18 Cane of Elemental Authority
A cane's plain silver handle, floating at hip height, above a swirling mass of elemental stuff (e.g. flame, water, mist, lightning, etc). The user is seen as a figure of authority by creatures of the cane's element. Sentient elemental creatures get a save every 24h to resist the cane, a success renders them immune altogether. Elementals of other kinds view the cane bearer as a prime target to topple in an attempt to further their own element's sphere of influence. It's nothing personal. The wearer is immune to the cane's element as long as one hand is on the handle.

19 Planar Anchors
Seven matching piercings of outsider bones. If worn on the chakra points, they prevent any forced movement across time and space like teleportation, banishment, plane shift, or astral projection, including by your own spells.
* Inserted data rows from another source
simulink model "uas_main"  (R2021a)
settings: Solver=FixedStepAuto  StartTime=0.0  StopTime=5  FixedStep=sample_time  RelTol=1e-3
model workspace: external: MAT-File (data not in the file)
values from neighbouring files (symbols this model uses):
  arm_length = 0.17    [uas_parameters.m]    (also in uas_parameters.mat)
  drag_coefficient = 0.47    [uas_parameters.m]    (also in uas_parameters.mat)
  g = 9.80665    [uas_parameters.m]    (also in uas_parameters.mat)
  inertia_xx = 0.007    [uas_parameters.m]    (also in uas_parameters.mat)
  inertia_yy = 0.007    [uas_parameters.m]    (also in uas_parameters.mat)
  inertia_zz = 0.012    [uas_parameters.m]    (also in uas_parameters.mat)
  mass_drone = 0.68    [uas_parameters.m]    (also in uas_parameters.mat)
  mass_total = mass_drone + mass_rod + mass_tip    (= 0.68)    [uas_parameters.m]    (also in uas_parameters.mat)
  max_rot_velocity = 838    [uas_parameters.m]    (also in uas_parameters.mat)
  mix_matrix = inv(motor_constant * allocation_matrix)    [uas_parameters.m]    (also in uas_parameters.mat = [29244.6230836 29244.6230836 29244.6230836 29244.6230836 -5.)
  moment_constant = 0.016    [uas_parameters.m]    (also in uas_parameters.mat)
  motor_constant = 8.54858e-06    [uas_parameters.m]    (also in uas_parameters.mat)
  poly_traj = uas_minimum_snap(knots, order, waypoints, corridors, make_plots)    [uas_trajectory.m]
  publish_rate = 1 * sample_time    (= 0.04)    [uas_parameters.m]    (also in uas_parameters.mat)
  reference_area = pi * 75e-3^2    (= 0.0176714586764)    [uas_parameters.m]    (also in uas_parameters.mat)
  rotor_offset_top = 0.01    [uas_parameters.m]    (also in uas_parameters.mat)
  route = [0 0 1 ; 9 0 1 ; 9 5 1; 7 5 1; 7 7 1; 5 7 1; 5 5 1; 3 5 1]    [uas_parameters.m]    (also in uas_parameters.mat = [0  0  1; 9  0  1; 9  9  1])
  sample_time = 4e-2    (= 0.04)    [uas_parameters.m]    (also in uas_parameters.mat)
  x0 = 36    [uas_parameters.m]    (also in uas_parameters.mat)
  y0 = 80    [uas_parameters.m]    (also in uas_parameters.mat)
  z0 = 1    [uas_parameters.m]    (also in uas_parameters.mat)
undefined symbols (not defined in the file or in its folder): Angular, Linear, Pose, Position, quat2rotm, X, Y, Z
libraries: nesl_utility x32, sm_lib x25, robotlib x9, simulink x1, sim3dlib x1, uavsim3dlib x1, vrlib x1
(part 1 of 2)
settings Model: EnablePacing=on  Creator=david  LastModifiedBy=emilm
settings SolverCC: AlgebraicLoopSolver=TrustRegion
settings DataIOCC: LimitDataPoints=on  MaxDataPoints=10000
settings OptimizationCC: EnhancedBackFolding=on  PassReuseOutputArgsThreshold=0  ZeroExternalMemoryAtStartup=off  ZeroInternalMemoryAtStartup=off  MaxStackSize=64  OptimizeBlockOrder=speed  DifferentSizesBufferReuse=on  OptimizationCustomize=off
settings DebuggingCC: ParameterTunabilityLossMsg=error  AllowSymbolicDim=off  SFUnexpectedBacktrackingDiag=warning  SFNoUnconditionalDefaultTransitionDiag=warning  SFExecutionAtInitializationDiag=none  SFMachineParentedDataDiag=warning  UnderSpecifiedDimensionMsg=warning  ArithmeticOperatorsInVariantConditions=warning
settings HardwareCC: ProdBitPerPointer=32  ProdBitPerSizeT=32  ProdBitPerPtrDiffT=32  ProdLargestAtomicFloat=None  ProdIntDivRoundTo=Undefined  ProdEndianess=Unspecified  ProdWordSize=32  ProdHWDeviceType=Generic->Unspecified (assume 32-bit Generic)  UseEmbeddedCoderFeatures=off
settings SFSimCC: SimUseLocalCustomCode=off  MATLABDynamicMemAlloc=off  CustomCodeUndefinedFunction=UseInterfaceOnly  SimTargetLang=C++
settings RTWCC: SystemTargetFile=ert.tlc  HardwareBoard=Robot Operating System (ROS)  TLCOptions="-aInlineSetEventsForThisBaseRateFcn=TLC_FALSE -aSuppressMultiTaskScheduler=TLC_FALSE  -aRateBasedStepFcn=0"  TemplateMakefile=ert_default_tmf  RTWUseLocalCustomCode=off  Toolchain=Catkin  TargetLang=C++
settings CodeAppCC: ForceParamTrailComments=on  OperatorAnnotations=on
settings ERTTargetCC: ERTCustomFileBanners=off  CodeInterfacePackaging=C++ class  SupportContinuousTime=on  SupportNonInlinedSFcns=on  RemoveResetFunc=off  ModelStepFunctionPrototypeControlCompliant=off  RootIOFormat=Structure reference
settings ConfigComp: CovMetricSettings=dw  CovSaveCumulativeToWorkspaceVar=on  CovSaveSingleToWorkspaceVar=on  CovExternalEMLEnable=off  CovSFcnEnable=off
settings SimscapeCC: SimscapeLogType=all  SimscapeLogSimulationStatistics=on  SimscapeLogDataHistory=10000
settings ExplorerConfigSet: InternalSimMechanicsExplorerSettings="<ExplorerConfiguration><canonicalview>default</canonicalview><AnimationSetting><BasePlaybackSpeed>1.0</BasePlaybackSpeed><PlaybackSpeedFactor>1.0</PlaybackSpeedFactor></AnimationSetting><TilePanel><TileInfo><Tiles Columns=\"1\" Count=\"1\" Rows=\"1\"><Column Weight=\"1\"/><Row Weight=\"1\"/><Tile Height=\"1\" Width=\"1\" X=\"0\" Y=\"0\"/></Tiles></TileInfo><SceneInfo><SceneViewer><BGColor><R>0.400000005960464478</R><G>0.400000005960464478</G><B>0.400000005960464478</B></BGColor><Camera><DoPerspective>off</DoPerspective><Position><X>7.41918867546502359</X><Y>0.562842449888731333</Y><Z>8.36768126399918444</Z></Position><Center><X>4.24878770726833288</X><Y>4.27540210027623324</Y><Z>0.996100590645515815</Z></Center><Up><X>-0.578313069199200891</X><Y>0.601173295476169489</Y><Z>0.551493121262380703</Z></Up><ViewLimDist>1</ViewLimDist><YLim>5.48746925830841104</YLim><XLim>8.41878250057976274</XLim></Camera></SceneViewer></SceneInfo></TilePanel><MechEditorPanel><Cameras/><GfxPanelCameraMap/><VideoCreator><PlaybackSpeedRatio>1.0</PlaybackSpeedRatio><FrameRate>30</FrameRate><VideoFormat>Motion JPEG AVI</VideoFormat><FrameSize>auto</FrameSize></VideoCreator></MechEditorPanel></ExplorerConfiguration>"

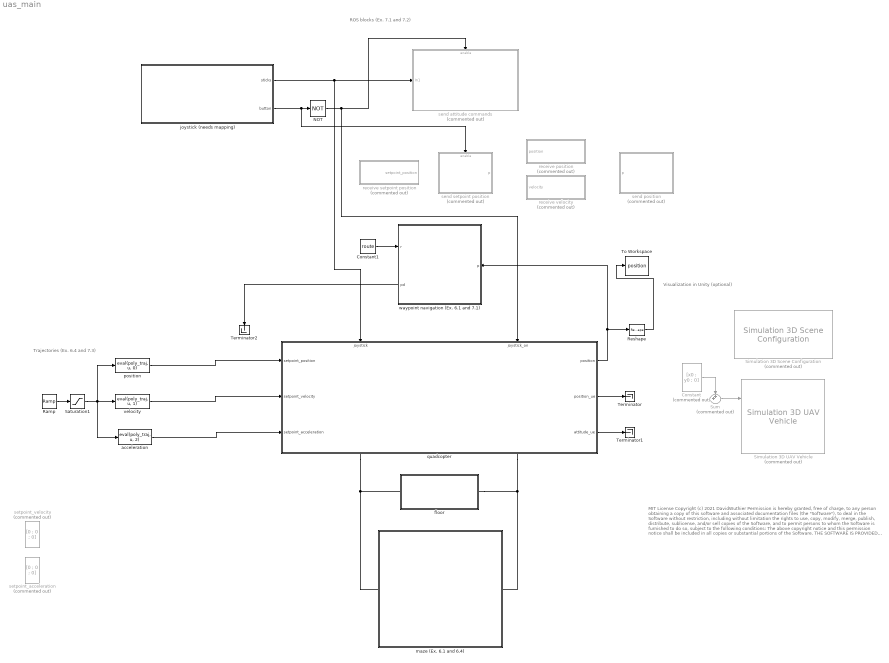
== system uas_main ==
  note: MIT License
      |
      | Copyright (c) 2021 DavidWuthier
      |
      | Permission is hereby granted, free of charge, to any person obtaining a copy
      | of this software and associated documentation files (the "Software"), to deal
      | in the Software without restriction, including without limitation the rights
      | to use, copy, modify, merge, publish, distribute, sublicense, and/or sell
      | copies of the Software, and to permit persons to whom the Software is
      | furnished to do so, subject to the following conditions:
      |
      | The above copyright notice and this permission notice shall be included in all
      | copies or substantial portions of the Software.
      |
      | THE SOFTWARE IS PROVIDED "AS IS", WITHOUT WARRANTY OF ANY KIND, EXPRESS OR
      | IMPLIED, INCLUDING BUT NOT LIMITED TO THE WARRANTIES OF MERCHANTABILITY,
      | FITNESS FOR A PARTICULAR PURPOSE AND NONINFRINGEMENT. IN NO EVENT SHALL THE
      | AUTHORS OR COPYRIGHT HOLDERS BE LIABLE FOR ANY CLAIM, DAMAGES OR OTHER
      | LIABILITY, WHETHER IN AN ACTION OF CONTRACT, TORT OR OTHERWISE, ARISING FROM,
      | OUT OF OR IN CONNECTION WITH THE SOFTWARE OR THE USE OR OTHER DEALINGS IN THE
      | SOFTWARE.
  note: Visualization in Unity (optional)
  note: Trajectories (Ex. 6.4 and 7.3)
  note: ROS blocks (Ex. 7.1 and 7.2)
  Constant : Constant  Commented=on  Value=[x0 ; y0 ; 0]  VectorParams1D=off
  Constant1 : Constant  Value=route
  NOT : Logic  Operator=NOT  IconShape=distinctive  AllPortsSameDT=off  OutDataTypeStr=boolean
  Ramp : simulink/Sources/Ramp  slope=1  start=0  InitialOutput=0
  Reshape : Reshape  OutputDimensions=[3,:]
  Saturation1 : Saturate  UpperLimit=knots(end)  LowerLimit=0
  Simulation 3D Scene Configuration : sim3dlib/Simulation 3D Scene Configuration  Priority=0  Commented=on  ProjectFormat=Default Scenes  SceneDesc=US city block  ProjectName=C:\Program Files\MATLAB\R2021a\toolbox\shared\sim3d_projects\automotive_project\UE4\WindowsNoEditor\VehicleSimulation.exe  ScenePath=/Game/Maps/USCityBlock  vehTagList={'Scene Origin';'SimulinkVehicle1'}  vehTag=SimulinkVehicle1  OpVisEn=off  Ts=sample_time  EnableWindow=on  EnableWeather=off  SunAltitude=40.0  SunAzimuth=90  clouds=10  wind=1  fog=0  rain=0  sensorTag=MainCamera1  sensorId=1  sensorName=MainCamera1  mountLoc=Origin  offsetFlag=off  tmountOffset=[0, 0, 0]  rmountOffset=[0, 0, 0]  HorizontalResolution=1280  VerticalResolution=720  HorizontalFOV=60  mountPoint=[0 0 0]  mountOrientation=[0 0 0]  aMode=4  ID=1
      settings: SourceProductBaseCode=DR,UV,VE
  Simulation 3D UAV Vehicle : uavsim3dlib/Simulation 3D UAV Vehicle  Commented=on  Mesh=Quadrotor  Color=Black  ActorName=SimulinkVehicle1  InitialTranslation=[x0 y0 z0]  InitialRotation=[0 0 0]  SampleTime=-1  ActorType=SimulinkVehicle  ID=1  aMode=4  ActorTag=SimulinkVehicle1
      settings: SourceProductBaseCode=UV
  Sum : Sum  Commented=on  Inputs=++|
  Terminator : Terminator
  Terminator1 : Terminator
  Terminator2 : Terminator
  To Workspace : ToWorkspace  VariableName=position  SampleTime=-1
  acceleration : MATLABFcn  MATLABFcn=eval(poly_traj, u, 2)  OutputDimensions=[3 1]  Output1D=off
  floor : Subsystem
  joystick (needs mapping) : Subsystem
  maze (Ex. 6.1 and 6.4) : Subsystem
      mask Display: image('$imagefile'); % Use "Edit Image" on toolstrip to change.
  position : MATLABFcn  MATLABFcn=eval(poly_traj, u, 0)  OutputDimensions=[3 1]  Output1D=off
  quadcopter : Subsystem
      settings: PortSchema="{\"entries\":[{\"content\":{\"sides\":[{\"content\":{\"connectorIds\":[\"In1\",\"In2\",\"In3\"]},\"type\":\"ConnectorPlacement.EquallySpacedRectSide\",\"uuid\":\"ed16c4a7-5f5f-48d5-8471-b227eef37b0b\"},{\"content\":{\"connectorIds\":[\"Out1\",\"Out2\",\"Out3\"],\"side\":\"RIGHT\"},\"type\":\"ConnectorPlacement.EquallySpacedRectSide\",\"uuid\":\"303ea24f-0a15-469a-b5d8-cc8b33d29b5f\"},{\"content\":{\"connectorIds\":[\"In4\",\"In5\"],\"side\":\"TOP\"},\"type\":\"ConnectorPlacement.EquallySpacedRectSide\",\"uuid\":\"d3970502-0872-434b-b7c5-387e72ad4178\"},{\"content\":{\"connectorIds\":[\"RConn1\",\"RConn2\"],\"side\":\"BOTTOM\"},\"type\":\"ConnectorPlacement.EquallySpacedRectSide\",\"uuid\":\"dd808c8e-2f91-44fb-8d51-5dec3bd81dd9\"}]},\"type\":\"ConnectorPlacement.EquallySpacedConnector\",\"uuid\":\"aacf4a84-08b7-4fd3-a02a-51c4e2a4df71\"}],\"packageUris\":[\"http://schema.mathworks.com/mf0/Connector/R2020b\"],\"version\":\"1.0\"}"
  receive position : Subsystem  Commented=on
  receive setpoint position : Subsystem  Commented=on
  receive velocity : Subsystem  Commented=on
  send attitude commands : Subsystem  Commented=on
  send position : Subsystem  Commented=on
  send setpoint position : Subsystem  Commented=on
  setpoint_acceleration : Constant  Commented=on  Value=[0 ; 0 ; 0]  VectorParams1D=off
  setpoint_velocity : Constant  Commented=on  Value=[0 ; 0 ; 0]  VectorParams1D=off
  velocity : MATLABFcn  MATLABFcn=eval(poly_traj, u, 1)  OutputDimensions=[3 1]  Output1D=off
  waypoint navigation (Ex. 6.1 and 7.1) : Stateflow chart  TreatAsAtomicUnit=on
      settings: PortSchema="{\"entries\":[{\"content\":{\"sides\":[{\"content\":{\"connectorIds\":[\"In1\",\"Out1\"]},\"type\":\"ConnectorPlacement.EquallySpacedRectSide\",\"uuid\":\"7c2fff0d-1179-4786-9432-1971d7acd904\"},{\"content\":{\"connectorIds\":[\"In2\"],\"side\":\"RIGHT\"},\"type\":\"ConnectorPlacement.EquallySpacedRectSide\",\"uuid\":\"377a8206-b310-41c0-9a17-faf5318c89cb\"},{\"content\":{\"connectorIds\":[],\"side\":\"TOP\"},\"type\":\"ConnectorPlacement.EquallySpacedRectSide\",\"uuid\":\"b953090a-ffdb-4e30-a5fe-7bef9655f1cf\"},{\"content\":{\"connectorIds\":[],\"side\":\"BOTTOM\"},\"type\":\"ConnectorPlacement.EquallySpacedRectSide\",\"uuid\":\"03dc7a24-529e-4020-b953-d1c4751c5c80\"}]},\"type\":\"ConnectorPlacement.EquallySpacedConnector\",\"uuid\":\"03bac9f4-6480-492d-9af3-57aec4db8fd8\"}],\"packageUris\":[\"http://schema.mathworks.com/mf0/Connector/R2020b\"],\"version\":\"1.0\"}"
  wires:
  Sum/1 -> Simulation 3D UAV Vehicle/1
  Constant/1 -> Sum/1
  Constant1/1 -> waypoint navigation (Ex. 6.1 and 7.1)/1(r)
  Saturation1/1 -> acceleration/1, position/1, velocity/1
  Ramp/1 -> Saturation1/1
  NOT/1 -> quadcopter/5(joystick_on), send attitude commands/Enable
  joystick (needs mapping)/1(sticks) -> send attitude commands/1(In1), quadcopter/4(joystick)
  joystick (needs mapping)/2(button) -> NOT/1, send setpoint position/Enable
  quadcopter/1(position) -> Reshape/1, waypoint navigation (Ex. 6.1 and 7.1)/2(p)
  quadcopter/2(position_ue) -> Terminator/1
  quadcopter/3(attitude_ue) -> Terminator1/1
  Reshape/1 -> To Workspace/1
  waypoint navigation (Ex. 6.1 and 7.1)/1(pd) -> Terminator2/1
  position/1 -> quadcopter/1(setpoint_position)
  velocity/1 -> quadcopter/2(setpoint_velocity)
  acceleration/1 -> quadcopter/3(setpoint_acceleration)
  connections:
  floor/LConn1 -- quadcopter/RConn1 -- maze (Ex. 6.1 and 6.4)/LConn1
  floor/RConn1 -- quadcopter/RConn2 -- maze (Ex. 6.1 and 6.4)/RConn1

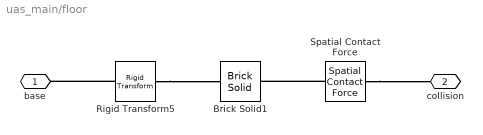
== system uas_main/floor ==
  Brick Solid1 : sm_lib/Body Elements/Brick Solid  GraphicAmbientColor=[0.15 0.15 0.15 1.0]  BasedOnType=Density  BrickDimensions=[3 3 0.1]  BrickDimensionUnits=m  CenterOfMass=[0 0 0]  CenterOfMassUnits=m  GraphicDiffuseColor=[0.4 0.4 0.4]  Density=0  DensityUnits=kg/m^3  DoExposeReferenceFrame=on  GraphicEmissiveColor=[0.0 0.0 0.0 1.0]  ExportEntireGeometry=on  SerializedFrames=<Frames/>  MarkerShape=Sphere  MarkerSize=10  GraphicType=FromGeometry  InertiaType=CalculateFromGeometry  Mass=1  MassUnits=kg  MomentsOfInertia=[1 1 1]  MomentsOfInertiaUnits=kg*m^2  GraphicOpacity=1  ProductsOfInertia=[0 0 0]  ProductsOfInertiaUnits=kg*m^2  GraphicShininess=75  GraphicSpecularColor=[0.5 0.5 0.5 1.0]  GraphicVisPropType=SimpleVisualProperties
  Rigid Transform5 : sm_lib/Frames and Transforms/Rigid Transform  TranslationMethod=StandardAxis  TranslationStandardOffset=0.05  TranslationLengthUnit=m  TranslationStandardAxis=-Z  TranslationCartesianOffset=[0 0 0]  TranslationROffset=0  TranslationROffsetUnits=m  TranslationZOffset=0  TranslationZOffsetUnits=m  TranslationThetaOffset=0  TranslationThetaOffsetUnits=deg  RotationMethod=None  RotationAngleUnits=deg  RotationStandardAxis=+Z  RotationAngle=0.0  RotationArbitraryAxis=[0 0 1]  FollAlignAxisA=+X  BaseAlignAxisA=+Y  FollAlignAxisB=+Y  BaseAlignAxisB=+Z  RotationSequenceAxes=FollowerAxes  RotationSequence=XYX  RotationSequenceAngles=[0 0 0]  RotationSequenceAnglesUnits=deg  RotationMatrix=[1 0 0; 0 1 0; 0 0 1]
  Spatial Contact Force : sm_lib/Forces and Torques/Spatial Contact Force  CoefficientOfDynamicFriction=0.3  CoefficientOfStaticFriction=0.5  SenseContactBaseRotation=off  SenseContactBaseTranslation=off  NormalDamping=critical_damping_wall  NormalDampingUnits=N/(m/s)  SenseContactFollowerRotation=off  SenseContactFollowerTranslation=off  SenseContactSignal=off  NormalStiffness=stiffness_wall  NormalStiffnessUnits=N/m  FrictionalCriticalVelocity=1e-3  FrictionalCriticalVelocityUnits=m/s  ZeroCrossDetectContactStartAndEnd=off  FrictionType=SmoothStickSlip  SenseFrictionalForceMagnitude=off  SenseNormalForceMagnitude=off  NormalForceType=SmoothSpringDamper  SenseNormalVelocity=off  SenseSeparationDistance=off  SenseTangentialVelocity=off  SenseTangentialVelocityMagnitude=off  NormalTransitionRegionWidth=1e-4  NormalTransitionRegionWidthUnits=m
  base : PMIOPort  Side=Left
  collision : PMIOPort  Port=2  Side=Right
  connections:
  Rigid Transform5/RConn1 -- Brick Solid1/RConn1
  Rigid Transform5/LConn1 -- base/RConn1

The Anchors also stop ageing, even from magical sources, but getting up in the morning requires a successful save to not spend the day in lethargy, unable to move about much.

20 Void Tree
A seed like a misshapen acorn, black and oily and suspiciously squishy. If kept in absolute darkness, out of the acorn grows a slender trunk, translucent like gossamer against shadows, out of which sprout luminescent, colourless leaves. After a year and a day, if the tree is exposed to a moonless night, vast clusters of flowers open up to the stars, emitting clouds of glittering pollen. For this one night, the pollen joins this realm to the void beyond and allows free transit, but at the first sign of morning, the blossoms and the portal both close forever. Void Trees are usually grown within specially constructed towers, guarded jealously.